I'm sure this is true after the compiler does its optimization magic; however, Array is still backed by _ArrayBridgeStorage and contains all the logic needed to make it possible for it to be backed by NSArray (I made sure to check that this is still the case this time :sweat_smile:). ContiguousArray is simpler and just feels cleaner, and when what I want to do is chug through a whole bunch of bytes as quickly as possible, it feels good to use it. :person_shrugging: If the optimizer fails to remove a step here or there, it might be just a smidge faster.

Huge +1. These are very natural additions to the standard library.

I have only 2 questions, the first is about "Implications on adoption" part:

The additions described in this proposal require a new version of the Swift standard library and runtime.
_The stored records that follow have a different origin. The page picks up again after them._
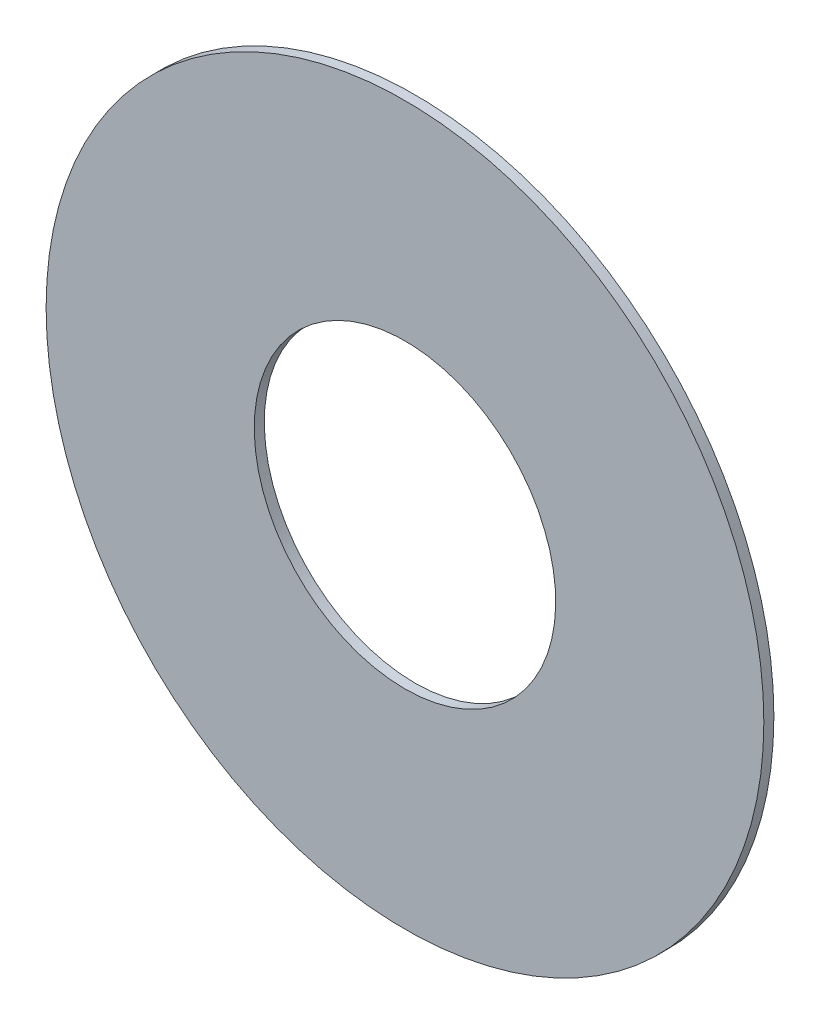
ISO-10303-21;
HEADER;
FILE_DESCRIPTION(('STEP AP214'),'2;1');
FILE_NAME('part.step','',(''),(''),'','','');
FILE_SCHEMA(('AUTOMOTIVE_DESIGN { 1 0 10303 214 1 1 1 1 }'));
ENDSEC;
DATA;
#1=APPLICATION_CONTEXT('core data for automotive mechanical design processes');
#2=APPLICATION_PROTOCOL_DEFINITION('international standard','automotive_design',2000,#1);
#3=PRODUCT_CONTEXT('',#1,'mechanical');
#4=PRODUCT('Part','Part','',(#3));
#5=PRODUCT_RELATED_PRODUCT_CATEGORY('part','',(#4));
#6=PRODUCT_DEFINITION_FORMATION('','',#4);
#7=PRODUCT_DEFINITION_CONTEXT('part definition',#1,'design');
#8=PRODUCT_DEFINITION('design','',#6,#7);
#9=PRODUCT_DEFINITION_SHAPE('','',#8);
#10=(LENGTH_UNIT() NAMED_UNIT(*) SI_UNIT(.MILLI.,.METRE.));
#11=(NAMED_UNIT(*) PLANE_ANGLE_UNIT() SI_UNIT($,.RADIAN.));
#12=(NAMED_UNIT(*) SI_UNIT($,.STERADIAN.) SOLID_ANGLE_UNIT());
#13=UNCERTAINTY_MEASURE_WITH_UNIT(LENGTH_MEASURE(1.E-05),#10,'distance_accuracy_value','');
#14=(GEOMETRIC_REPRESENTATION_CONTEXT(3) GLOBAL_UNCERTAINTY_ASSIGNED_CONTEXT((#13)) GLOBAL_UNIT_ASSIGNED_CONTEXT((#10,
#11,#12)) REPRESENTATION_CONTEXT('',''));
#15=CARTESIAN_POINT('',(0.,0.,0.));
#16=DIRECTION('',(0.,0.,1.));
#17=DIRECTION('',(1.,0.,0.));
#18=AXIS2_PLACEMENT_3D('',#15,#16,#17);
#19=CARTESIAN_POINT('',(149.102,-113.984,-0.045));
#20=DIRECTION('',(0.,0.,-1.));
#21=DIRECTION('',(0.,-1.,0.));
#22=AXIS2_PLACEMENT_3D('',#19,#20,#21);
#23=CYLINDRICAL_SURFACE('',#22,0.525);
#24=CARTESIAN_POINT('',(149.102,-113.984,-0.035));
#25=DIRECTION('',(0.,0.,-1.));
#26=DIRECTION('',(0.,-1.,0.));
#27=AXIS2_PLACEMENT_3D('',#24,#25,#26);
#28=CIRCLE('',#27,0.525);
#29=CARTESIAN_POINT('',(149.102,-114.509,-0.035));
#30=VERTEX_POINT('',#29);
#31=EDGE_CURVE('E25',#30,#30,#28,.T.);
#32=ORIENTED_EDGE('',*,*,#31,.T.);
#33=DIRECTION('',(0.,0.,1.));
#34=VECTOR('',#33,1.);
#35=CARTESIAN_POINT('',(149.102,-114.509,-0.045));
#36=LINE('',#35,#34);
#37=CARTESIAN_POINT('',(149.102,-114.509,0.));
#38=VERTEX_POINT('',#37);
#39=EDGE_CURVE('E11',#30,#38,#36,.T.);
#40=ORIENTED_EDGE('',*,*,#39,.T.);
#41=CARTESIAN_POINT('',(149.102,-113.984,0.));
#42=DIRECTION('',(0.,0.,-1.));
#43=DIRECTION('',(0.,-1.,0.));
#44=AXIS2_PLACEMENT_3D('',#41,#42,#43);
#45=CIRCLE('',#44,0.525);
#46=EDGE_CURVE('E69',#38,#38,#45,.T.);
#47=ORIENTED_EDGE('',*,*,#46,.F.);
#48=ORIENTED_EDGE('',*,*,#39,.F.);
#49=EDGE_LOOP('',(#32,#40,#47,#48));
#50=FACE_BOUND('',#49,.T.);
#51=ADVANCED_FACE('F17',(#50),#23,.F.);
#52=CARTESIAN_POINT('',(149.102,-113.984,-0.035));
#53=DIRECTION('',(0.,0.,1.));
#54=DIRECTION('',(1.,0.,0.));
#55=AXIS2_PLACEMENT_3D('',#52,#53,#54);
#56=PLANE('',#55);
#57=ORIENTED_EDGE('',*,*,#31,.F.);
#58=EDGE_LOOP('',(#57));
#59=FACE_BOUND('',#58,.T.);
#60=CARTESIAN_POINT('',(149.102,-113.984,-0.035));
#61=DIRECTION('',(0.,0.,1.));
#62=DIRECTION('',(1.,0.,0.));
#63=AXIS2_PLACEMENT_3D('',#60,#61,#62);
#64=CIRCLE('',#63,1.25);
#65=CARTESIAN_POINT('',(150.352,-113.984,-0.035));
#66=VERTEX_POINT('',#65);
#67=EDGE_CURVE('E56',#66,#66,#64,.T.);
#68=ORIENTED_EDGE('',*,*,#67,.F.);
#69=EDGE_LOOP('',(#68));
#70=FACE_BOUND('',#69,.T.);
#71=ADVANCED_FACE('F76',(#59,#70),#56,.F.);
#72=CARTESIAN_POINT('',(149.102,-113.984,0.));
#73=DIRECTION('',(0.,0.,1.));
#74=DIRECTION('',(1.,0.,0.));
#75=AXIS2_PLACEMENT_3D('',#72,#73,#74);
#76=PLANE('',#75);
#77=ORIENTED_EDGE('',*,*,#46,.T.);
#78=EDGE_LOOP('',(#77));
#79=FACE_BOUND('',#78,.T.);
#80=CARTESIAN_POINT('',(149.102,-113.984,0.));
#81=DIRECTION('',(0.,0.,1.));
#82=DIRECTION('',(1.,0.,0.));
#83=AXIS2_PLACEMENT_3D('',#80,#81,#82);
#84=CIRCLE('',#83,1.25);
#85=CARTESIAN_POINT('',(150.352,-113.984,0.));
#86=VERTEX_POINT('',#85);
#87=EDGE_CURVE('E54',#86,#86,#84,.T.);
#88=ORIENTED_EDGE('',*,*,#87,.T.);
#89=EDGE_LOOP('',(#88));
#90=FACE_BOUND('',#89,.T.);
#91=ADVANCED_FACE('F60',(#79,#90),#76,.T.);
#92=CARTESIAN_POINT('',(149.102,-113.984,-0.035));
#93=DIRECTION('',(0.,0.,1.));
#94=DIRECTION('',(1.,0.,0.));
#95=AXIS2_PLACEMENT_3D('',#92,#93,#94);
#96=CYLINDRICAL_SURFACE('',#95,1.25);
#97=ORIENTED_EDGE('',*,*,#87,.F.);
#98=DIRECTION('',(0.,0.,1.));
#99=VECTOR('',#98,1.);
#100=CARTESIAN_POINT('',(150.352,-113.984,-0.035));
#101=LINE('',#100,#99);
#102=EDGE_CURVE('E51',#66,#86,#101,.T.);
#103=ORIENTED_EDGE('',*,*,#102,.F.);
#104=ORIENTED_EDGE('',*,*,#67,.T.);
#105=ORIENTED_EDGE('',*,*,#102,.T.);
#106=EDGE_LOOP('',(#97,#103,#104,#105));
#107=FACE_BOUND('',#106,.T.);
#108=ADVANCED_FACE('F53',(#107),#96,.T.);
#109=CLOSED_SHELL('',(#51,#71,#91,#108));
#110=MANIFOLD_SOLID_BREP('B1',#109);
#111=ADVANCED_BREP_SHAPE_REPRESENTATION('',(#18,#110),#14);
#112=SHAPE_DEFINITION_REPRESENTATION(#9,#111);
ENDSEC;
END-ISO-10303-21;

If I understand it correctly, this proposal contains 2 parts, the first part is the language rule of determining whether a certain property can represent a borrowing relation to the callee binding, and the second part is the extensions to the standard library. Can you clarify whether the first part requires a new runtime?

The second one is about the text following the introduction example:

Note that the copyability of B means that it cannot represent a mutation of A; it therefore represents a non-exclusive borrowing relationship.

Can you please elaborate more why the copyability is crucial here, because I think there should be situations where a ~Copyable & ~Escapable property can also be useful for representing a borrowing relationship.

Thanks!

Whether a property can represent a borrowing relation is a compile-time issue. I realize that I wrote this wrong! Rewording what I meant to say: we need a version of the standard library that supports Span and RawSpan, which has deployment implications for ABI-stable platforms. I will amend the proposal to clarify. Thanks for the question! [Added: the proposal is updated.]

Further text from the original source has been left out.